*RECORDS PROVIDED*.
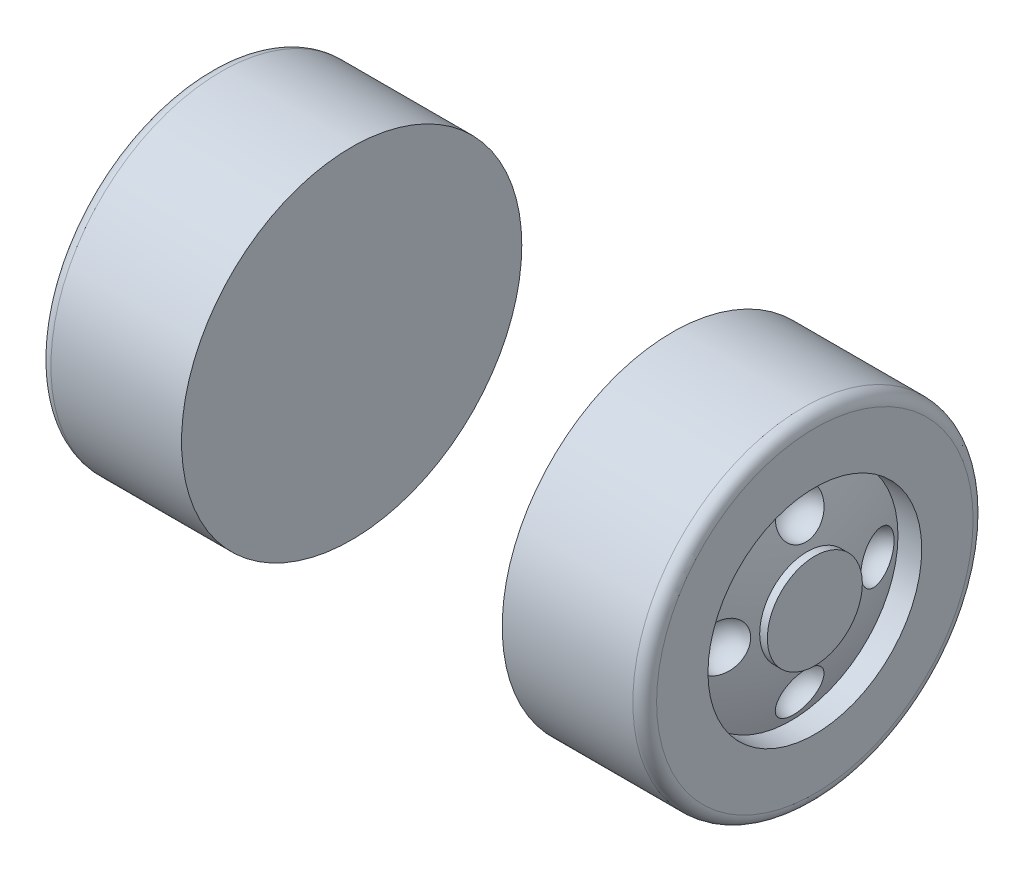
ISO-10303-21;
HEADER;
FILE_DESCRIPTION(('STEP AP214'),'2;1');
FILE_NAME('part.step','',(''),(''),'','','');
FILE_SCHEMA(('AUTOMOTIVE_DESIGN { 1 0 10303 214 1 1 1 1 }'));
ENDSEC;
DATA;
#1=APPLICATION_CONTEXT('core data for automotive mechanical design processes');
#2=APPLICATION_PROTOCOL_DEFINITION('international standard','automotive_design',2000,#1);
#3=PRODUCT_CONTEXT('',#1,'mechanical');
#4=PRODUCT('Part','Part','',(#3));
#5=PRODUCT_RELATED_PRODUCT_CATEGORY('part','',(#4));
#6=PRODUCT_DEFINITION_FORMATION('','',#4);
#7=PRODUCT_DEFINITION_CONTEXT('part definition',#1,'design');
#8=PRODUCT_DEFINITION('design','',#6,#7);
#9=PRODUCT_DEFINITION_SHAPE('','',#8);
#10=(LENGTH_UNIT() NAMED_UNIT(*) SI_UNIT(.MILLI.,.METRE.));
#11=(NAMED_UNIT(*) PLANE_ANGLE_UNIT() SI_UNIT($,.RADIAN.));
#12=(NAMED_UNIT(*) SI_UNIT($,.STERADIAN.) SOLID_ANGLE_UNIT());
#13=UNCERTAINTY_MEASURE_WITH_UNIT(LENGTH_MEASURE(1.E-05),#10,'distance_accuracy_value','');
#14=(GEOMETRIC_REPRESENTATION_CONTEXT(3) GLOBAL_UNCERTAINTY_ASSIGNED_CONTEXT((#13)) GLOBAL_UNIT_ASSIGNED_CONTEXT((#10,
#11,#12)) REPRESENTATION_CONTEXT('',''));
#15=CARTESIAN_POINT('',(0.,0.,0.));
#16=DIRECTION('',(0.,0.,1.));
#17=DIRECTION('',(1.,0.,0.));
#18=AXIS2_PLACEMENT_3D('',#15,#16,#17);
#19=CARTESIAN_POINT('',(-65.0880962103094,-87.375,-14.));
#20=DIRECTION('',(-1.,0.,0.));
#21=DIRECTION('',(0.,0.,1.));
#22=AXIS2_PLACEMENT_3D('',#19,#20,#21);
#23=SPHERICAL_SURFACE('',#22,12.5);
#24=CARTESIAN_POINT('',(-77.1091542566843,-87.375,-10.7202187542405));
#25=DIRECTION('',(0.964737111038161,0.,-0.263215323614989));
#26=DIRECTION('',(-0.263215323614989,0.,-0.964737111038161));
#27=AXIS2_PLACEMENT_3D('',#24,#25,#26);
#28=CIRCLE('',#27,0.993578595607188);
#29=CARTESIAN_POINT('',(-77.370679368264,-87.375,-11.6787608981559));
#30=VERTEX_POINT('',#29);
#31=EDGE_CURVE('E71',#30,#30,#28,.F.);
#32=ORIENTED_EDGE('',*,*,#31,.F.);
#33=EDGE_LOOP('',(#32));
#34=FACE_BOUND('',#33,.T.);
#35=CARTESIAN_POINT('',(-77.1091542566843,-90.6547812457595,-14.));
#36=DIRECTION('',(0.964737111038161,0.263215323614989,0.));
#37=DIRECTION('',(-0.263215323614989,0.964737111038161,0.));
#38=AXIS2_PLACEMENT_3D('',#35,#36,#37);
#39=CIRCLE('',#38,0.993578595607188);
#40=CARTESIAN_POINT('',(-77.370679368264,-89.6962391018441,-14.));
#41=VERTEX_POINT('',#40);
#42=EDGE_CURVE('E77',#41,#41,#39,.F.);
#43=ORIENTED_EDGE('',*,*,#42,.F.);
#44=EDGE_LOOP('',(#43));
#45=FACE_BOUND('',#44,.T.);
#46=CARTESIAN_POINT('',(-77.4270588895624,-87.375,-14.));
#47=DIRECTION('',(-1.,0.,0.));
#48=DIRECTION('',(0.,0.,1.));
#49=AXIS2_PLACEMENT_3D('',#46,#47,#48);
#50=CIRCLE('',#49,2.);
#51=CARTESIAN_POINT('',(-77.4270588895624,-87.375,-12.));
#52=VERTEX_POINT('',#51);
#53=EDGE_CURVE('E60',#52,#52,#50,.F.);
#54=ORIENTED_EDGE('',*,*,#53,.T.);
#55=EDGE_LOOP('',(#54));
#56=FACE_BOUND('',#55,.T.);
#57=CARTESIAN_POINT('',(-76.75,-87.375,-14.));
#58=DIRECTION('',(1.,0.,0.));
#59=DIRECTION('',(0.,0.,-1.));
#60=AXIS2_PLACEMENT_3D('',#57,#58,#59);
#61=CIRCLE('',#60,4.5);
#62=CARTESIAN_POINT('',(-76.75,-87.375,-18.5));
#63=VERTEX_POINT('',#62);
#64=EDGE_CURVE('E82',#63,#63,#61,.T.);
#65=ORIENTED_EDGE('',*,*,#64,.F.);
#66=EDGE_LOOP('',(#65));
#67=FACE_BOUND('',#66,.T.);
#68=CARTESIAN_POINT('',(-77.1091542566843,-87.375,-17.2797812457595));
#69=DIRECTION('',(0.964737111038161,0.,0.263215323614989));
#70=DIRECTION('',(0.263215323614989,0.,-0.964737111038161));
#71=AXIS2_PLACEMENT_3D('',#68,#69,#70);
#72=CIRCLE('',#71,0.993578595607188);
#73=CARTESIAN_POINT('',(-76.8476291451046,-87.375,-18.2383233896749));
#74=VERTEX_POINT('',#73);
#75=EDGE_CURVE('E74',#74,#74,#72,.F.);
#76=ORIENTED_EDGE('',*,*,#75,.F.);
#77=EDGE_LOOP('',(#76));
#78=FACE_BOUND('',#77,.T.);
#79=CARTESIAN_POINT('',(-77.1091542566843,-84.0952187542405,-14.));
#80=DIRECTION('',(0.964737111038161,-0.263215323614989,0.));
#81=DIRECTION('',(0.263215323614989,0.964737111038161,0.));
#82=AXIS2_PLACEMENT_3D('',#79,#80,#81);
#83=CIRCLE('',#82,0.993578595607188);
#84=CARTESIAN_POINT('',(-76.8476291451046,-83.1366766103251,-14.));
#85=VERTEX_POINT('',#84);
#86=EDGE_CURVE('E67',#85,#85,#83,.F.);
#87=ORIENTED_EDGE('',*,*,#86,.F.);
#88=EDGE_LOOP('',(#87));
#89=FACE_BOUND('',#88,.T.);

*YOUR TASK*. Working from the material above, restate word for word the lines between the line with "#39=CIRCLE('',#38,0.993578595607188);" and the line with "#78=FACE_BOUND('',#77,.T.);", both included, and only those.

*RESPONSE TO THIS TASK*.
#39=CIRCLE('',#38,0.993578595607188);
#40=CARTESIAN_POINT('',(-77.370679368264,-89.6962391018441,-14.));
#41=VERTEX_POINT('',#40);
#42=EDGE_CURVE('E77',#41,#41,#39,.F.);
#43=ORIENTED_EDGE('',*,*,#42,.F.);
#44=EDGE_LOOP('',(#43));
#45=FACE_BOUND('',#44,.T.);
#46=CARTESIAN_POINT('',(-77.4270588895624,-87.375,-14.));
#47=DIRECTION('',(-1.,0.,0.));
#48=DIRECTION('',(0.,0.,1.));
#49=AXIS2_PLACEMENT_3D('',#46,#47,#48);
#50=CIRCLE('',#49,2.);
#51=CARTESIAN_POINT('',(-77.4270588895624,-87.375,-12.));
#52=VERTEX_POINT('',#51);
#53=EDGE_CURVE('E60',#52,#52,#50,.F.);
#54=ORIENTED_EDGE('',*,*,#53,.T.);
#55=EDGE_LOOP('',(#54));
#56=FACE_BOUND('',#55,.T.);
#57=CARTESIAN_POINT('',(-76.75,-87.375,-14.));
#58=DIRECTION('',(1.,0.,0.));
#59=DIRECTION('',(0.,0.,-1.));
#60=AXIS2_PLACEMENT_3D('',#57,#58,#59);
#61=CIRCLE('',#60,4.5);
#62=CARTESIAN_POINT('',(-76.75,-87.375,-18.5));
#63=VERTEX_POINT('',#62);
#64=EDGE_CURVE('E82',#63,#63,#61,.T.);
#65=ORIENTED_EDGE('',*,*,#64,.F.);
#66=EDGE_LOOP('',(#65));
#67=FACE_BOUND('',#66,.T.);
#68=CARTESIAN_POINT('',(-77.1091542566843,-87.375,-17.2797812457595));
#69=DIRECTION('',(0.964737111038161,0.,0.263215323614989));
#70=DIRECTION('',(0.263215323614989,0.,-0.964737111038161));
#71=AXIS2_PLACEMENT_3D('',#68,#69,#70);
#72=CIRCLE('',#71,0.993578595607188);
#73=CARTESIAN_POINT('',(-76.8476291451046,-87.375,-18.2383233896749));
#74=VERTEX_POINT('',#73);
#75=EDGE_CURVE('E74',#74,#74,#72,.F.);
#76=ORIENTED_EDGE('',*,*,#75,.F.);
#77=EDGE_LOOP('',(#76));
#78=FACE_BOUND('',#77,.T.);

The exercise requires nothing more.